* **REQUIRED WORK**
In the data, extract each line that holds the string "units".

INFORMATION GIVEN: Begin

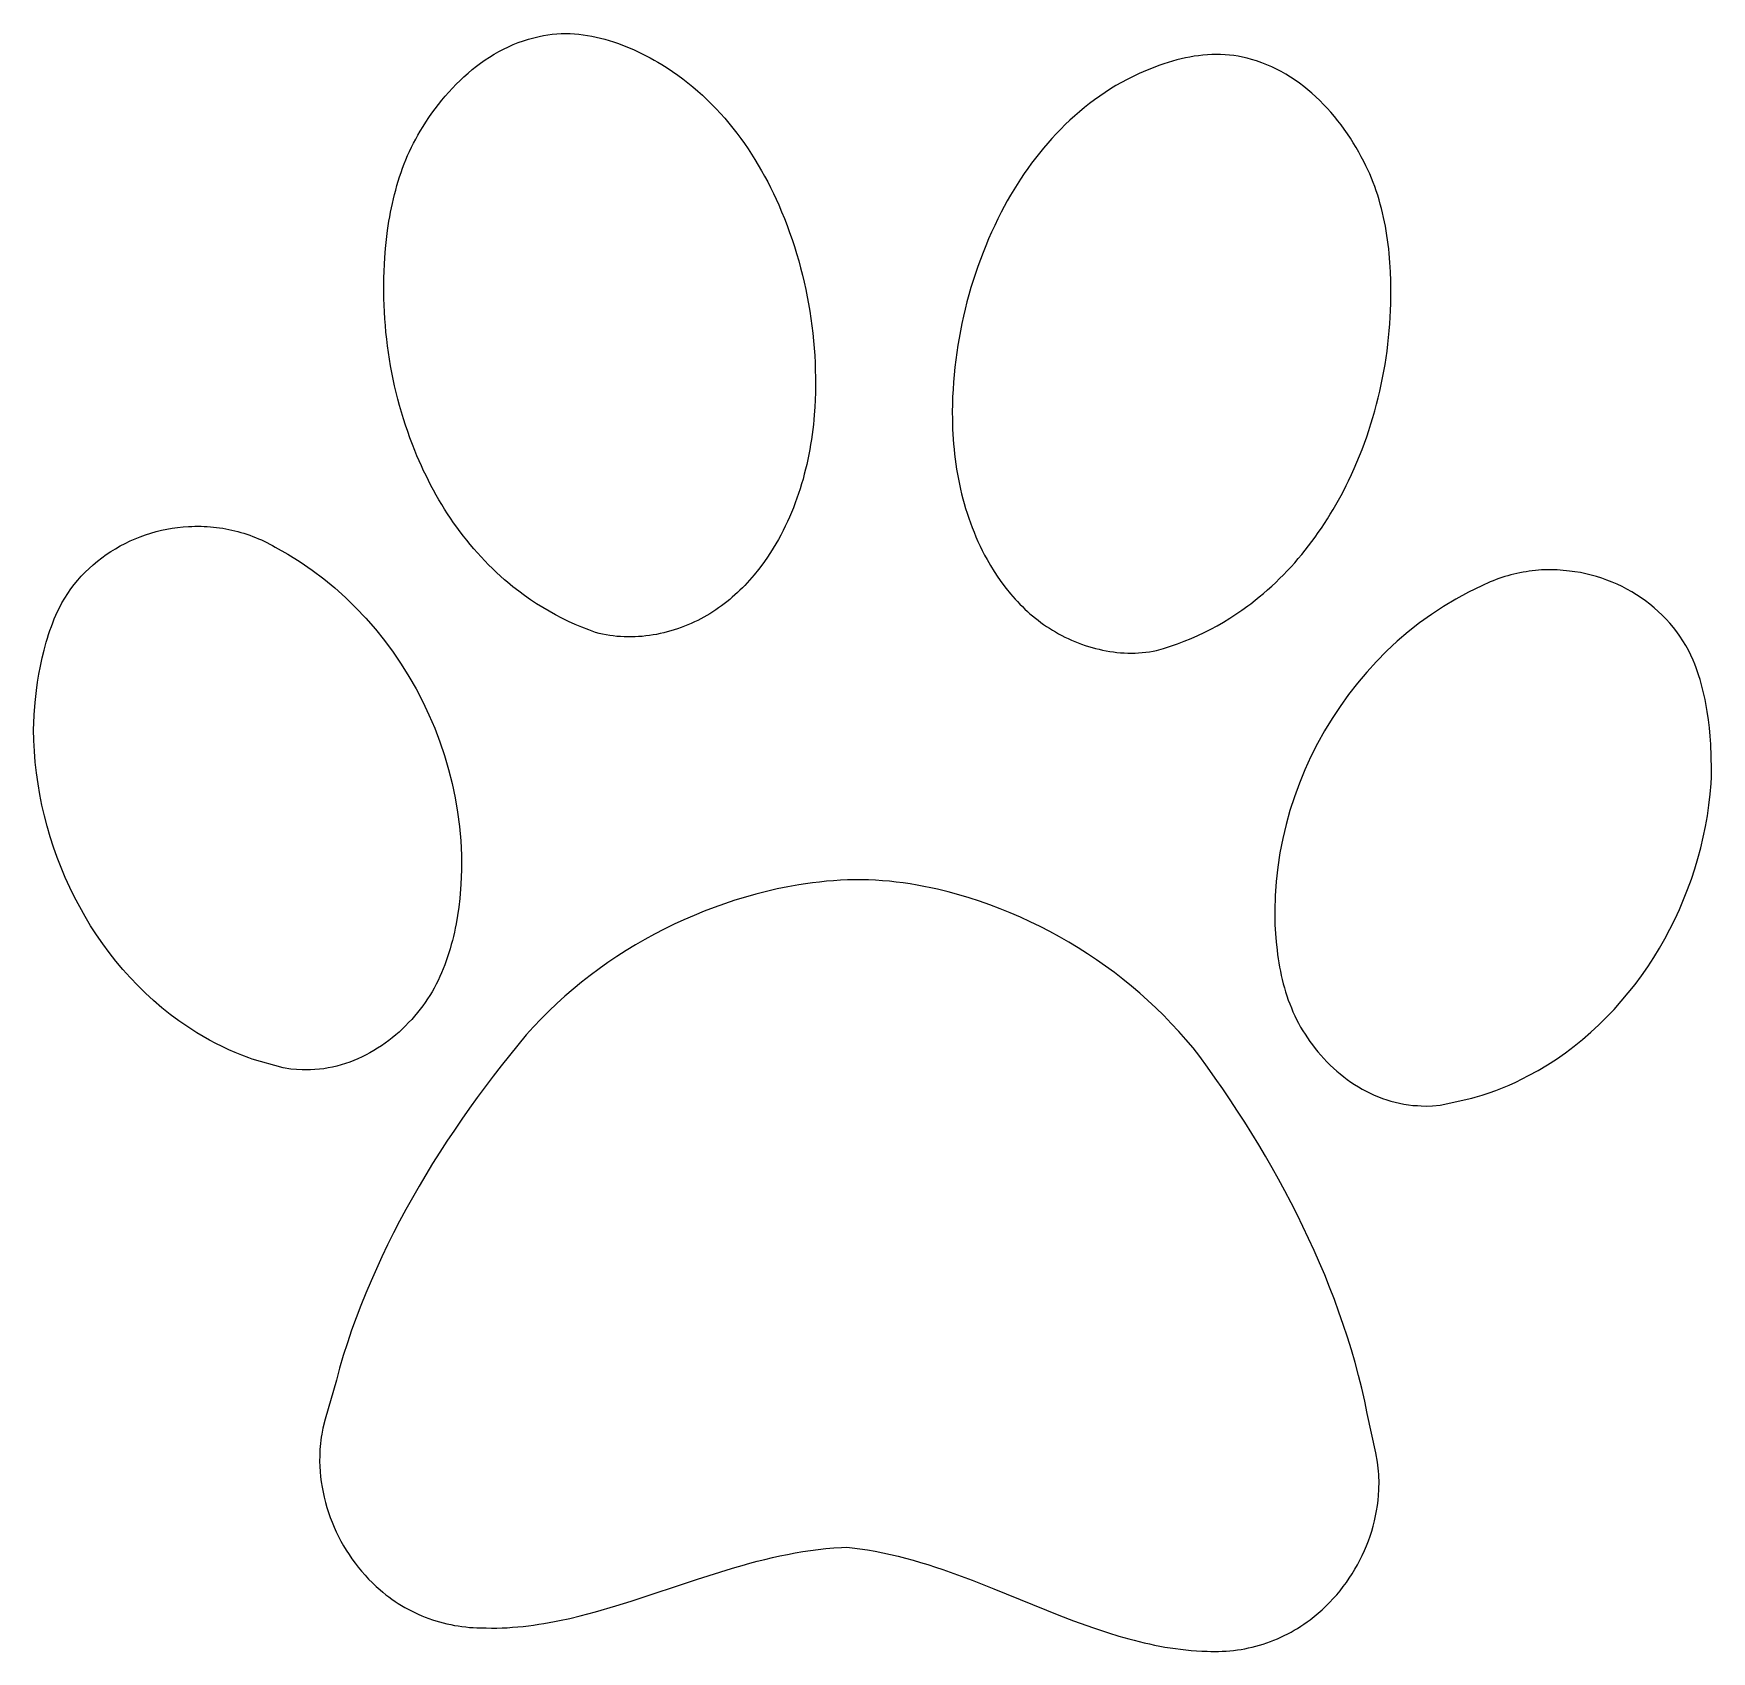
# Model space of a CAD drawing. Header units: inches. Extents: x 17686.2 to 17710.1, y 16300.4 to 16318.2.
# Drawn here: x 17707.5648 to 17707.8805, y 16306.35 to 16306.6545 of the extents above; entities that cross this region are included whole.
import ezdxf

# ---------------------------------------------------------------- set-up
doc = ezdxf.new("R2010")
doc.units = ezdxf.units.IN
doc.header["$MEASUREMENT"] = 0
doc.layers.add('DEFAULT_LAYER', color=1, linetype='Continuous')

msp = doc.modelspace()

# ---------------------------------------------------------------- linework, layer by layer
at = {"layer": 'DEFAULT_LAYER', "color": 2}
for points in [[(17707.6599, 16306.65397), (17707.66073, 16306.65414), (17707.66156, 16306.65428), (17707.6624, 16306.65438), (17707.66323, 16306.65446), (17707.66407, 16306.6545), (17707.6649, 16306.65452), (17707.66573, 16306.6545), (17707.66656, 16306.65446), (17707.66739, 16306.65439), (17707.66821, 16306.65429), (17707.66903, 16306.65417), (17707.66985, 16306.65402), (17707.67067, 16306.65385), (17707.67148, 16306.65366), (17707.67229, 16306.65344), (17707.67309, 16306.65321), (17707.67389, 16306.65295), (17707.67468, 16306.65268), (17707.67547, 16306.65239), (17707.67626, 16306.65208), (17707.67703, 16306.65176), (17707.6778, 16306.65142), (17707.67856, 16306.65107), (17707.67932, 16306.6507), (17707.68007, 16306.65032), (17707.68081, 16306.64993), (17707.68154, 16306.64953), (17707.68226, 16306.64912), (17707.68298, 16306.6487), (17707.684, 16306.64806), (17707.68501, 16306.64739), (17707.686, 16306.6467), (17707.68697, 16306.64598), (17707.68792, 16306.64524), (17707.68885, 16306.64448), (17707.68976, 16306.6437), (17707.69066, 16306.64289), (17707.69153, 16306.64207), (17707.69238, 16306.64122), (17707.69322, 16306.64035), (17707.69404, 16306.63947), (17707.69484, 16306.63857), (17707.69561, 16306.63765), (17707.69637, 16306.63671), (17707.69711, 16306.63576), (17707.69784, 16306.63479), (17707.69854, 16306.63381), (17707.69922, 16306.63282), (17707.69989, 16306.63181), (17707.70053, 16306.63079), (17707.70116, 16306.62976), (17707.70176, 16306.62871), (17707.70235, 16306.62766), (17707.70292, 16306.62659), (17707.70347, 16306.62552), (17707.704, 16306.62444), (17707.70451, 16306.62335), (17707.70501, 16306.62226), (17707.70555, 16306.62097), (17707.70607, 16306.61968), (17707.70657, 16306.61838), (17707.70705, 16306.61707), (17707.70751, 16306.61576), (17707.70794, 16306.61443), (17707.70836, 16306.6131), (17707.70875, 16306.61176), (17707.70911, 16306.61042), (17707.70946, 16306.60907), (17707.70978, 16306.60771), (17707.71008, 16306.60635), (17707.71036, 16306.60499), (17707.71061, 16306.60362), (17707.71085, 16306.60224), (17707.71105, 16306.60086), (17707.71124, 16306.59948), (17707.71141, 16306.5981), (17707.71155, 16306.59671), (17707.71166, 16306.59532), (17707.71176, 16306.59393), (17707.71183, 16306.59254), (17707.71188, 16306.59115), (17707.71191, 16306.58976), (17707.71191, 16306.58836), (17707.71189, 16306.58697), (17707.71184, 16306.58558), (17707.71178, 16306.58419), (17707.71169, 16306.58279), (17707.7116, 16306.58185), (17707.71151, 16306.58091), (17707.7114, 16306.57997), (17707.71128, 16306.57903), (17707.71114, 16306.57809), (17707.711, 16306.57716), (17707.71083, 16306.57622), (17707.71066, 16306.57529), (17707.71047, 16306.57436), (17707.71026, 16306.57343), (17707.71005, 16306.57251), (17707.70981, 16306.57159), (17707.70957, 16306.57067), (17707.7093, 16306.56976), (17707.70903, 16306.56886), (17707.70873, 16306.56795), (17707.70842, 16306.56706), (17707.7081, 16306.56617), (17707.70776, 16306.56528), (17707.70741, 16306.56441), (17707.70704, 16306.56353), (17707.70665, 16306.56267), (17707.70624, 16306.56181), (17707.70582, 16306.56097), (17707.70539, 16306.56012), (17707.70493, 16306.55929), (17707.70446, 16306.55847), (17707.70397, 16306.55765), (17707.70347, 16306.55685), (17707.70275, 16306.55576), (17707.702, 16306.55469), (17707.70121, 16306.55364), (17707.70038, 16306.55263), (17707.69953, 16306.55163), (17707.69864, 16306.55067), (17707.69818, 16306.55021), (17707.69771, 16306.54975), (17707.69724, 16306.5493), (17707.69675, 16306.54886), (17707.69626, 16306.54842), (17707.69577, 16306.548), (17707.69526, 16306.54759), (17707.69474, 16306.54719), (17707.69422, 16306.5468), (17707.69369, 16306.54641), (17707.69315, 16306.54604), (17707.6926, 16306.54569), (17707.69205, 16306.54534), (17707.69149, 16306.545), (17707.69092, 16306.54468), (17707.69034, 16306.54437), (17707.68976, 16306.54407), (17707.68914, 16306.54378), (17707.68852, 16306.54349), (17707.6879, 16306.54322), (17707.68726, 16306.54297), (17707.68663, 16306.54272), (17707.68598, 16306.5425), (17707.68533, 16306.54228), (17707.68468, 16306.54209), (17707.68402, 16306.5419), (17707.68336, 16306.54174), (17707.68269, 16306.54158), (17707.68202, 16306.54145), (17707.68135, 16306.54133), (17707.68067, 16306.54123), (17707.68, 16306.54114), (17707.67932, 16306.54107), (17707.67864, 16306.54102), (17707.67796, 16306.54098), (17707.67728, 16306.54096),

INFORMATION GIVEN: End

* **EXERCISE ANSWER**
# Model space of a CAD drawing. Header units: inches. Extents: x 17686.2 to 17710.1, y 16300.4 to 16318.2.
doc.units = ezdxf.units.IN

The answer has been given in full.